• [Excerpted records]
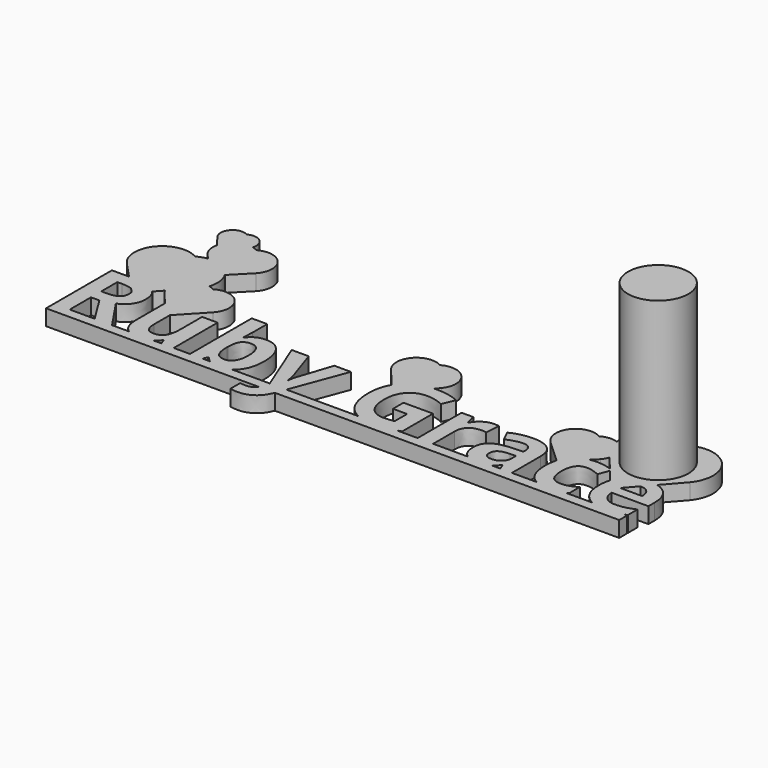
from build123d import *

# Parameters (mm, degrees)
F0_TEXT_SIZE = 13.1857264511
F1_DEPTH     = 2
F2_W         = 72.5544597973
F2_H         = 1.25
F3_DEPTH     = 2
F5_DEPTH     = 2
F6_R         = 3.8242127304
F7_DEPTH     = 20


# Not quite as in the source:
# - a feature names something its author has since deleted; it is built from what else it names
# - Text() gives the source's letters only with a copy of the font that has no kerning and outlines rounded to 1/6400 em; it was checked with that copy


with BuildPart() as f1:
    # F0 (on Top) → F1 (new body)
    with BuildSketch(Plane.XY):
        with Locations((-37.5, -20.9367564448)):
            Text('Ruby Grace', F0_TEXT_SIZE, font='Open Sans', font_style=FontStyle.BOLD, text_align=(TextAlign.LEFT, TextAlign.BOTTOM))
    extrude(amount=F1_DEPTH)

    # F2 (on Top) → F3 (join)
    with BuildSketch(Plane.XY):
        with Locations((-0.0381149905, -21.3117564448)):
            Rectangle(F2_W, F2_H)
    extrude(amount=F3_DEPTH)

    # F4 (on Top) → F5 (join)
    with BuildSketch(Plane.XY):
        with BuildLine():
            ThreePointArc((-22.891365132, -12.3130714182), (-22.7523432909, -9.0480865955), (-25.9622662377, -8.4350224555))
            ThreePointArc((-25.9622662377, -8.4350224555), (-26.2981556025, -8.2731992581), (-26.6543760183, -8.1631291531))
            ThreePointArc((-26.6543760183, -8.1631291531), (-26.7985781504, -8.5405421894), (-26.9853136504, -8.8988223982))
            Line((-26.9853136504, -8.8988223982), (-29.4910691911, -11.6282187871))
            ThreePointArc((-29.4910691911, -11.6282187871), (-29.3216006579, -11.9419906948), (-29.1092122674, -12.2284580847))
            Line((-29.1092122674, -12.2284580847), (-26.104554534, -15.7286860049))
            Line((-26.104554534, -15.7286860049), (-22.891365132, -12.3130714182))
        make_face()
        with BuildLine():
            ThreePointArc((-26.9853136504, -8.8988223982), (-26.7985781504, -8.5405421894), (-26.6543760183, -8.1631291531))
            ThreePointArc((-26.6543760183, -8.1631291531), (-29.1467162118, -9.0164498648), (-29.4910691911, -11.6282187871))
            Line((-29.4910691911, -11.6282187871), (-26.9853136504, -8.8988223982))
        make_face()
        with BuildLine():
            ThreePointArc((-29.4910691911, -11.6282187871), (-29.1467162118, -9.0164498648), (-26.6543760183, -8.1631291531))
            ThreePointArc((-26.6543760183, -8.1631291531), (-26.5125159117, -6.7128085907), (-26.9735699478, -5.3304254314))
            Line((-26.9735699478, -5.3304254314), (-27.8705461931, -6.2434591072))
            Line((-27.8705461931, -6.2434591072), (-30.435701563, -3.633144129))
            ThreePointArc((-30.435701563, -3.633144129), (-31.1099811744, -3.7885760494), (-31.740504166, -4.0736248755))
            ThreePointArc((-31.740504166, -4.0736248755), (-36.233754687, -4.9311026842), (-36.0411839329, -9.5013854919))
            Line((-36.0411839329, -9.5013854919), (-31.7405052483, -14.0784189571))
            Line((-31.7405052483, -14.0784189571), (-29.4910691911, -11.6282187871))
        make_face()
        with BuildLine():
            ThreePointArc((-27.8705461931, -4.3197954554), (-27.3728222762, -4.7814116229), (-26.9735699478, -5.3304254314))
            Line((-26.9735699478, -5.3304254314), (-24.7982677336, -3.1161815346))
            ThreePointArc((-24.7982677336, -3.1161815346), (-24.6612476873, 0.1481262242), (-27.8705463616, 0.7604020253))
            ThreePointArc((-27.8705463616, 0.7604020253), (-28.1874425503, 0.9146740113), (-28.5228848144, 1.0228476104))
            ThreePointArc((-28.5228848144, 1.0228476104), (-28.6581354096, 0.7251189675), (-28.8546919313, 0.4637751287))
            Line((-28.8546919313, 0.4637751287), (-30.8609493077, -1.7959213583))
            Line((-30.8609493077, -1.7959213583), (-31.5607878634, -0.8613195248))
            ThreePointArc((-31.5607878634, -0.8613195248), (-31.5240164461, -2.0926519469), (-30.9036702721, -3.1569368221))
            Line((-30.9036702721, -3.1569368221), (-30.435701563, -3.633144129))
            ThreePointArc((-30.435701563, -3.633144129), (-29.0854748233, -3.7237500646), (-27.8705461931, -4.3197954554))
        make_face()
        with BuildLine():
            Line((-27.8705461931, -6.2434591072), (-26.9735699478, -5.3304254314))
            ThreePointArc((-26.9735699478, -5.3304254314), (-27.3728222762, -4.7814116229), (-27.8705461931, -4.3197954554))
            Line((-27.8705461931, -4.3197954554), (-27.8705461931, -6.2434591072))
        make_face()
        with BuildLine():
            Line((-30.435701563, -3.633144129), (-27.8705461931, -6.2434591072))
            Line((-27.8705461931, -6.2434591072), (-27.8705461931, -4.3197954554))
            ThreePointArc((-27.8705461931, -4.3197954554), (-29.0854748233, -3.7237500646), (-30.435701563, -3.633144129))
        make_face()
        with BuildLine():
            ThreePointArc((-28.8546919313, 0.4637751287), (-28.6581354096, 0.7251189675), (-28.5228848144, 1.0228476104))
            ThreePointArc((-28.5228848144, 1.0228476104), (-30.4382324156, 0.7198861396), (-31.5607878634, -0.8613195248))
            Line((-31.5607878634, -0.8613195248), (-30.8609493077, -1.7959213583))
            Line((-30.8609493077, -1.7959213583), (-28.8546919313, 0.4637751287))
        make_face()
        with BuildLine():
            ThreePointArc((-31.5607878634, -0.8613195248), (-30.4382324156, 0.7198861396), (-28.5228848144, 1.0228476104))
            ThreePointArc((-28.5228848144, 1.0228476104), (-29.002319592, 2.6549750089), (-30.6980615002, 2.7897226685))
            ThreePointArc((-30.6980615002, 2.7897226685), (-32.5699864004, 2.4863172854), (-32.6487473798, 0.5915997956))
            Line((-32.6487473798, 0.5915997956), (-31.5607878634, -0.8613195248))
        make_face()
        with BuildLine():
            ThreePointArc((25.5595961233, -8.9808114981), (24.49969202, -8.8507651041), (23.4822108361, -9.1748651088))
            ThreePointArc((23.4822108361, -9.1748651088), (20.2176636686, -9.8595233663), (20.5393408896, -13.1795457915))
            Line((20.5393408896, -13.1795457915), (23.5436121002, -15.944164712))
            Line((23.5436121002, -15.944164712), (26.6639844478, -12.9268283356))
            ThreePointArc((26.6639844478, -12.9268283356), (26.9346729611, -12.5227898054), (27.1220134693, -12.0739881353))
            Line((27.1220134693, -12.0739881353), (26.4608970103, -11.2691941614))
            ThreePointArc((26.4608970103, -11.2691941614), (25.8299996249, -10.1959947714), (25.5595961233, -8.9808114981))
        make_face()
        with BuildLine():
            ThreePointArc((31.551734789, -5.2660529984), (27.444126715, -5.3304504784), (25.5595961233, -8.9808114981))
            ThreePointArc((25.5595961233, -8.9808114981), (26.9636923968, -10.2127684503), (27.1220134693, -12.0739881353))
            Line((27.1220134693, -12.0739881353), (31.3805904387, -17.2580627952))
            Line((31.3805904387, -17.2580627952), (36.6425725677, -11.2691941614))
            ThreePointArc((36.6425725677, -11.2691941614), (36.6024572806, -6.1430534792), (31.551734789, -5.2660529984))
        make_face()
        with BuildLine():
            ThreePointArc((27.1220134693, -12.0739881353), (26.9636923968, -10.2127684503), (25.5595961233, -8.9808114981))
            ThreePointArc((25.5595961233, -8.9808114981), (25.8299996249, -10.1959947714), (26.4608970103, -11.2691941614))
            Line((26.4608970103, -11.2691941614), (27.1220134693, -12.0739881353))
        make_face()
        with BuildLine():
            ThreePointArc((4.8622423229, -10.8610989956), (4.8371702685, -7.6572610692), (1.6804687113, -7.1091357687))
            ThreePointArc((1.6804687113, -7.1091357687), (-1.476232846, -7.6572610692), (-1.5013049004, -10.8610989956))
            Line((-1.5013049004, -10.8610989956), (1.5735034923, -14.6041418917))
            Line((1.5735034923, -14.6041418917), (4.8622423229, -10.8610989956))
        make_face()
    extrude(amount=F5_DEPTH)

    # F6 (on face) → F7 (join)
    with BuildSketch(Plane.XY.offset(2)):
        with Locations((31.5303290263, -9.8842289299)):
            Circle(F6_R)
    extrude(amount=F7_DEPTH)


solid = f1.part

• [What you need to do] From the entries above, return each line with the word "source" in it.

• [Answer to this problem]
# Not quite as in the source:
# - Text() gives the source's letters only with a copy of the font that has no kerning and outlines rounded to 1/6400 em; it was checked with that copy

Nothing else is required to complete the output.